Coreference Resolution
Coreference Resolution(共参照解析・照応解析?)とは、ある文章中で、同一のモノを指す2つ以上の語句を見つけ対応づける処理です。
(詳しくはこちらが分かりやすいと思います。http://adsmedia.hatenablog.com/entry/2017/02/20/084846)
本記事では、AllenNLPの学習済みCoreference Resolutionモデルを用いた共参照解析手順を備忘録がてらに書いていきたいと思います。

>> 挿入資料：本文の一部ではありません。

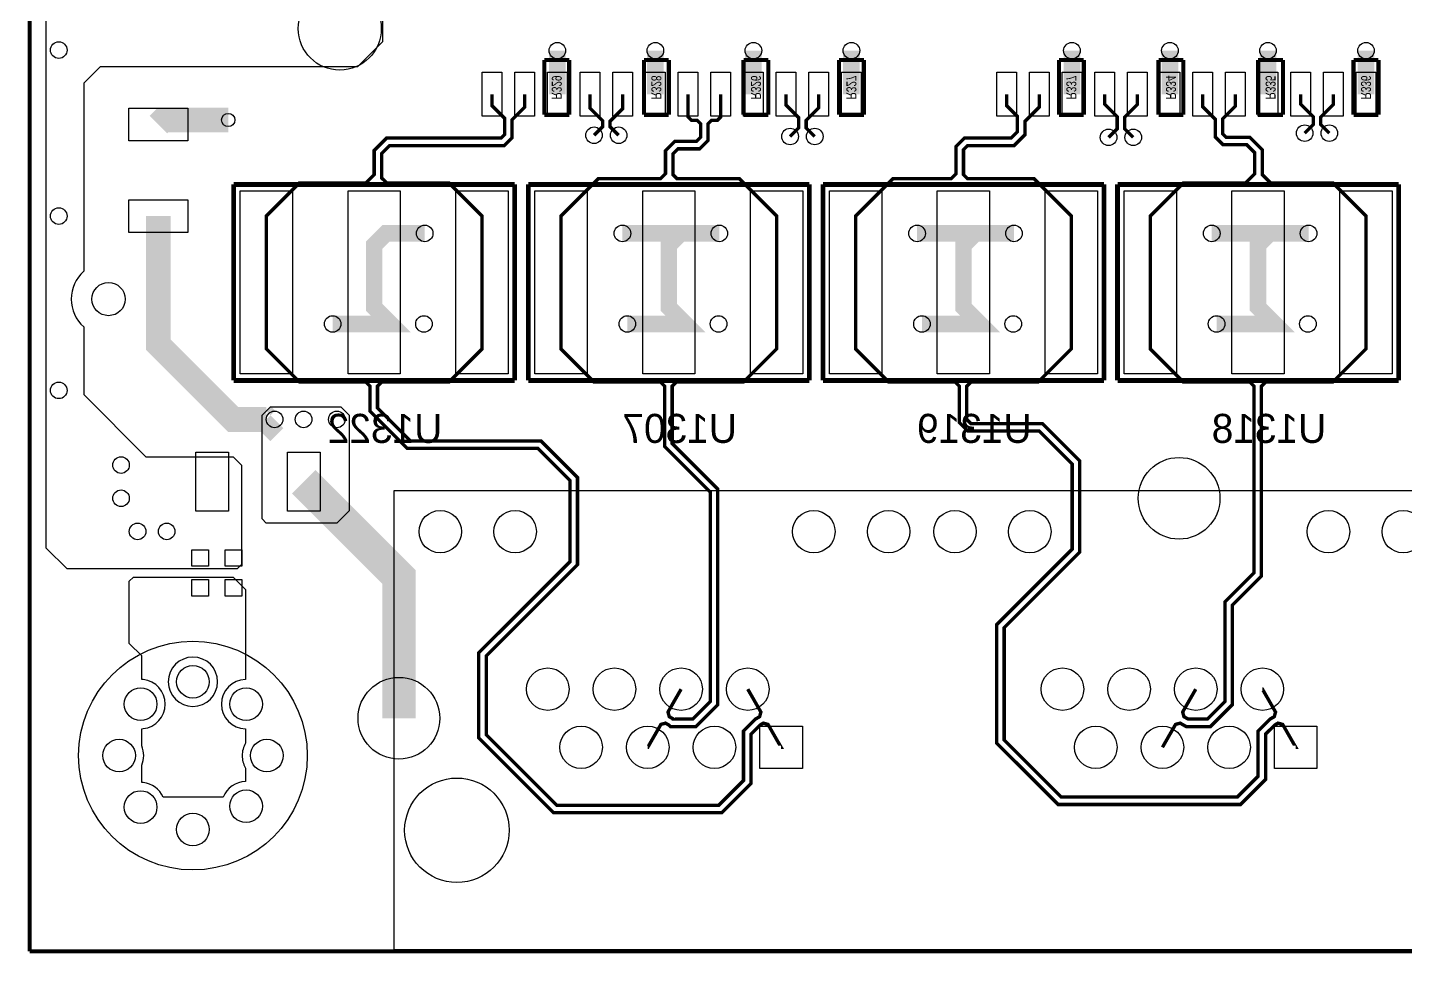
# Model space of a CAD drawing. Extents: x 208 to 378, y -7 to 113.
# Drawn here: x 208.09 to 250.25, y -6.95 to 21.39 of the extents above; entities that cross this region are included whole.
import ezdxf
from ezdxf.enums import TextEntityAlignment as Align

# ---------------------------------------------------------------- set-up
doc = ezdxf.new("R2010")
doc.units = 0
for name, color, linetype in [('BG_OUTLINE', 5, 'CONTINUOUS'), ('BG_SILKSCREEN_BOTTOM', 4, 'CONTINUOUS'), ('ET_TOP', 80, 'CONTINUOUS'), ('PG_SILKSCREEN_BOTTOM', 142, 'CONTINUOUS'), ('PIN_TOP', 141, 'CONTINUOUS'), ('RD_ASSEMBLY_BOTTOM', 212, 'CONTINUOUS'), ('RD_SILKSCREEN_BOTTOM', 33, 'CONTINUOUS'), ('VC_TOP', 43, 'CONTINUOUS')]:
    doc.layers.add(name, color=color, linetype=linetype)

msp = doc.modelspace()

# ---------------------------------------------------------------- linework, layer by layer
at = {"layer": 'BG_OUTLINE', "const_width": 0.127}
for points in [[(208.150206, 113.105184), (208.150206, -6.882892)], [(208.150206, -6.882892), (378.144278, -6.882892)]]:
    msp.add_lwpolyline(points, dxfattribs=at)
at = {"layer": 'BG_SILKSCREEN_BOTTOM'}
msp.add_lwpolyline([(219.304616, -6.839966), (219.304616, 7.222236), (306.45989, 7.222236), (306.45989, -6.839966)], close=True, dxfattribs=at)
at = {"layer": 'ET_TOP'}
msp.add_lwpolyline([(218.948, 27.305), (218.948, 20.955), (218.186, 20.193), (210.312, 20.193), (209.804, 19.685), (209.804, 13.933678, 0.447423), (209.804, 12.228322), (209.804, 10.16), (211.709, 8.255), (214.376, 8.255), (214.63, 8.001), (214.63, 4.953), (214.503508, 4.826508), (211.22259, 4.826508), (211.222336, 4.826), (209.296, 4.826), (208.661, 5.461), (208.661, 6.093206), (208.658206, 6.096), (208.658206, 112.597184)], format="xyb", dxfattribs=at)
for points, const_width in [([(224.299018, 19.352006), (224.299018, 20.683982)], 0.508), ([(227.299012, 19.352006), (227.299012, 20.683982)], 0.508), ([(230.299006, 19.352006), (230.299006, 20.683982)], 0.508), ([(233.299, 19.352006), (233.299, 20.683982)], 0.508), ([(240.047018, 19.352006), (240.047018, 20.683982)], 0.508), ([(243.047012, 19.352006), (243.047012, 20.683982)], 0.508), ([(246.047006, 19.352006), (246.047006, 20.683982)], 0.508), ([(249.047, 19.352006), (249.047, 20.683982)], 0.508), ([(215.394032, 13.589), (215.394032, 15.623032), (216.408, 16.637), (218.44, 16.637), (218.694, 16.891), (218.694, 17.6276), (219.075, 18.0086), (222.580454, 18.0086), (222.684594, 18.11274), (222.684594, 18.615406), (222.299022, 19.000978), (222.299022, 19.352006)], 0.10414), ([(221.993968, 13.589), (221.993968, 15.623032), (220.98, 16.637), (219.075, 16.637), (218.9226, 16.7894), (218.9226, 17.532858), (219.169742, 17.78), (222.675196, 17.78), (222.913194, 18.017998), (222.913194, 18.570194), (223.29902, 18.95602), (223.29902, 19.352006)], 0.10414), ([(228.29901, 19.352006), (228.29901, 18.655284), (228.40315, 18.551144), (228.580696, 18.551144), (228.684836, 18.447004), (228.684836, 18.034), (228.557836, 17.907), (227.895658, 17.907), (227.6094, 17.620742), (227.6094, 16.9164), (227.457, 16.764), (225.552, 16.764), (224.411032, 15.623032), (224.411032, 13.589)], 0.10414), ([(225.421698, 18.09369), (225.684588, 18.35658), (225.684588, 18.536412), (225.299016, 18.921984), (225.299016, 19.352006)], 0.10414), ([(226.176078, 18.09369), (225.913188, 18.35658), (225.913188, 18.522188), (226.299014, 18.908014), (226.299014, 19.352006)], 0.10414), ([(229.299008, 19.352006), (229.299008, 18.655284), (229.194868, 18.551144), (229.017576, 18.551144), (228.913436, 18.447004), (228.913436, 17.939258), (228.652324, 17.6784), (227.9904, 17.6784), (227.838, 17.526), (227.838, 16.891), (227.965, 16.764), (229.87, 16.764), (231.010968, 15.623032), (231.010968, 13.589)], 0.10414), ([(231.42194, 18.05686), (231.684576, 18.320004), (231.684576, 18.632424), (231.299004, 19.017996), (231.299004, 19.352006)], 0.10414), ([(232.17632, 18.05686), (231.913176, 18.320004), (231.913176, 18.553176), (232.299002, 18.939002), (232.299002, 19.352006)], 0.10414), ([(233.428032, 13.589), (233.428032, 15.623032), (234.569, 16.764), (236.347, 16.764), (236.4994, 16.9164), (236.4994, 17.747742), (236.760258, 18.0086), (238.185706, 18.0086), (238.379, 18.201894), (238.379, 18.669), (238.047022, 19.000978), (238.047022, 19.352006)], 0.10414), ([(240.027968, 13.589), (240.027968, 15.623032), (238.887, 16.764), (236.855, 16.764), (236.728, 16.891), (236.728, 17.653), (236.855, 17.78), (238.280194, 17.78), (238.6076, 18.107406), (238.6076, 18.5166), (239.04702, 18.95602), (239.04702, 19.352006)], 0.10414), ([(241.169698, 18.030698), (241.432588, 18.293588), (241.432588, 18.663412), (241.047016, 19.048984), (241.047016, 19.352006)], 0.10414), ([(241.924078, 18.030698), (241.661188, 18.293588), (241.661188, 18.649188), (242.047014, 19.035014), (242.047014, 19.352006)], 0.10414), ([(242.445032, 13.589), (242.445032, 15.623032), (243.459, 16.637), (245.364, 16.637), (245.6434, 16.9164), (245.6434, 17.558258), (245.396258, 17.8054), (244.670834, 17.8054), (244.432836, 18.043398), (244.432836, 18.584164), (244.04701, 18.96999), (244.04701, 19.352006)], 0.10414), ([(249.044968, 13.589), (249.044968, 15.623032), (248.031, 16.637), (246.126, 16.637), (245.872, 16.891), (245.872, 17.653), (245.491, 18.034), (244.765576, 18.034), (244.661436, 18.13814), (244.661436, 18.601436), (245.047008, 18.987008), (245.047008, 19.352006)], 0.10414), ([(247.16994, 18.157698), (247.432576, 18.420588), (247.432576, 18.663412), (247.047004, 19.048984), (247.047004, 19.352006)], 0.10414), ([(247.92432, 18.157698), (247.661176, 18.420588), (247.661176, 18.649188), (248.047002, 19.035014), (248.047002, 19.352006)], 0.10414), ([(214.228934, 18.562066), (212.23097, 18.562066), (212.09, 18.421096)], 0.762), ([(212.09, 15.621), (212.09, 11.684), (214.376, 9.398), (215.392, 9.398)], 0.762), ([(220.239844, 15.091156), (219.053156, 15.091156), (218.694, 14.732), (218.694, 13.589)], 0.508), ([(228.070156, 15.091156), (226.292156, 15.091156)], 0.508), ([(228.070156, 15.091156), (227.711, 14.732), (227.711, 13.589)], 0.508), ([(229.256844, 15.091156), (228.070156, 15.091156)], 0.508), ([(237.087156, 15.091156), (235.309156, 15.091156)], 0.508), ([(237.087156, 15.091156), (236.728, 14.732), (236.728, 13.589)], 0.508), ([(238.273844, 15.091156), (237.087156, 15.091156)], 0.508), ([(246.104156, 15.091156), (244.326156, 15.091156)], 0.508), ([(246.104156, 15.091156), (245.745, 14.732), (245.745, 13.589)], 0.508), ([(247.290844, 15.091156), (246.104156, 15.091156)], 0.508), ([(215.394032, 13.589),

[Coreference Resolutionのイメージ]
"The legal pressures facing Michael Cohen are growing in a wide-ranging investigation of his personal business affairs and his work on behalf of his former client, President Trump. In addition to his work for Mr. Trump, he pursued his own business interests, including ventures in real estate, personal loans and investments in taxi medallions."
(公式チュートリアル:https://demo.allennlp.org/coreference-resolution/MTE2NTIwOQ==)
青字や赤字はそれぞれ同一のモノを指す表現。
##AllenNLPのインストール
pip install allennlp
##学習済みCoreference Resolutionモデルのダウンロード
wget https://s3-us-west-2.amazonaws.com/allennlp/models/coref-model-2018.02.05.tar.gz
##解凍
tar -zxvf coref-model-2018.02.05.tar.gz
##ソースコード
変数doc1に任意の文章を与えます。
import pprint
from allennlp.predictors.predictor import Predictor
def my_coref(text, model = False):
d = model.predict(document = text)
clusters = d['clusters']
words = d['document']
coref_phrase_list = []
for cluster in clusters:
l = [(' '.join(words[c[0]:c[1]+1]), (c[0], c[1])) for c in cluster]
coref_phrase_list.append(l)
return coref_phrase_list
if __name__ == '__main__':
predictor = Predictor.from_path("coref-model-2018.02.05")
doc1 = """Paul Allen was born on January 21, 1953, in Seattle, Washington, to Kenneth Sam Allen and Edna Faye Allen. Allen attended Lakeside School, a private school in Seattle, where he befriended Bill Gates."""
d = predictor.predict(document=doc1)
pprint.pprint(d)
pprint.pprint(my_coref(doc1, predictor))
##結果
# pprint.pprint(d)
# d は辞書型オフジェクト
# d['clusters'][i]: ある同一のものを指し示している表現(フレーズor単語)の単語オフセットリスト [start, end]
# d['document']: 入力文章の単語リスト
# d['predicted_antecedents']: ??
# d['top_spans']: ??
{'clusters': [[[0, 1], [24, 24], [36, 36]], [[11, 11], [33, 33]]],
'document': ['Paul',
'Allen',
'was',
'born',
'on',
'January',
'21',
',',
'1953',
',',
'in',
'Seattle',
',',
'Washington',
',',
'to',
'Kenneth',
'Sam',
'Allen',
'and',
'Edna',
'Faye',
'Allen',
'.',
'Allen',
'attended',
'Lakeside',
'School',
',',
'a',
'private',
'school',
'in',
'Seattle',
',',
'where',
'he',
'befriended',
'Bill',
'Gates',
'.'],
'predicted_antecedents': [-1,
-1,
-1,
-1,
-1,
-1,
-1,
-1,
-1,
-1,
9,
-1,
8,
-1,
3,
-1],
'top_spans': [[0, 1],
[6, 6],
[8, 8],
[11, 11],
[11, 13],
[13, 13],
[16, 18],
[16, 22],
[17, 18],
[20, 22],
[24, 24],
[25, 25],
[33, 33],
[33, 39],
[36, 36],
[38, 39]]}
# pprint.pprint(my_coref(doc1, predictor))
[[('Paul Allen', (0, 1)), ('Allen', (24, 24)), ('he', (36, 36))],
[('Seattle', (11, 11)), ('Seattle', (33, 33))]]
#まとめ
今回はAllenNLPを使って簡単にCoreference Resolutionをやってみました。
'predicted_antecedents'や'top_spans'のvalueが何を示しているかお分かりの方は、コメントいただけると嬉しいです。
*my_coref()は自作関数です。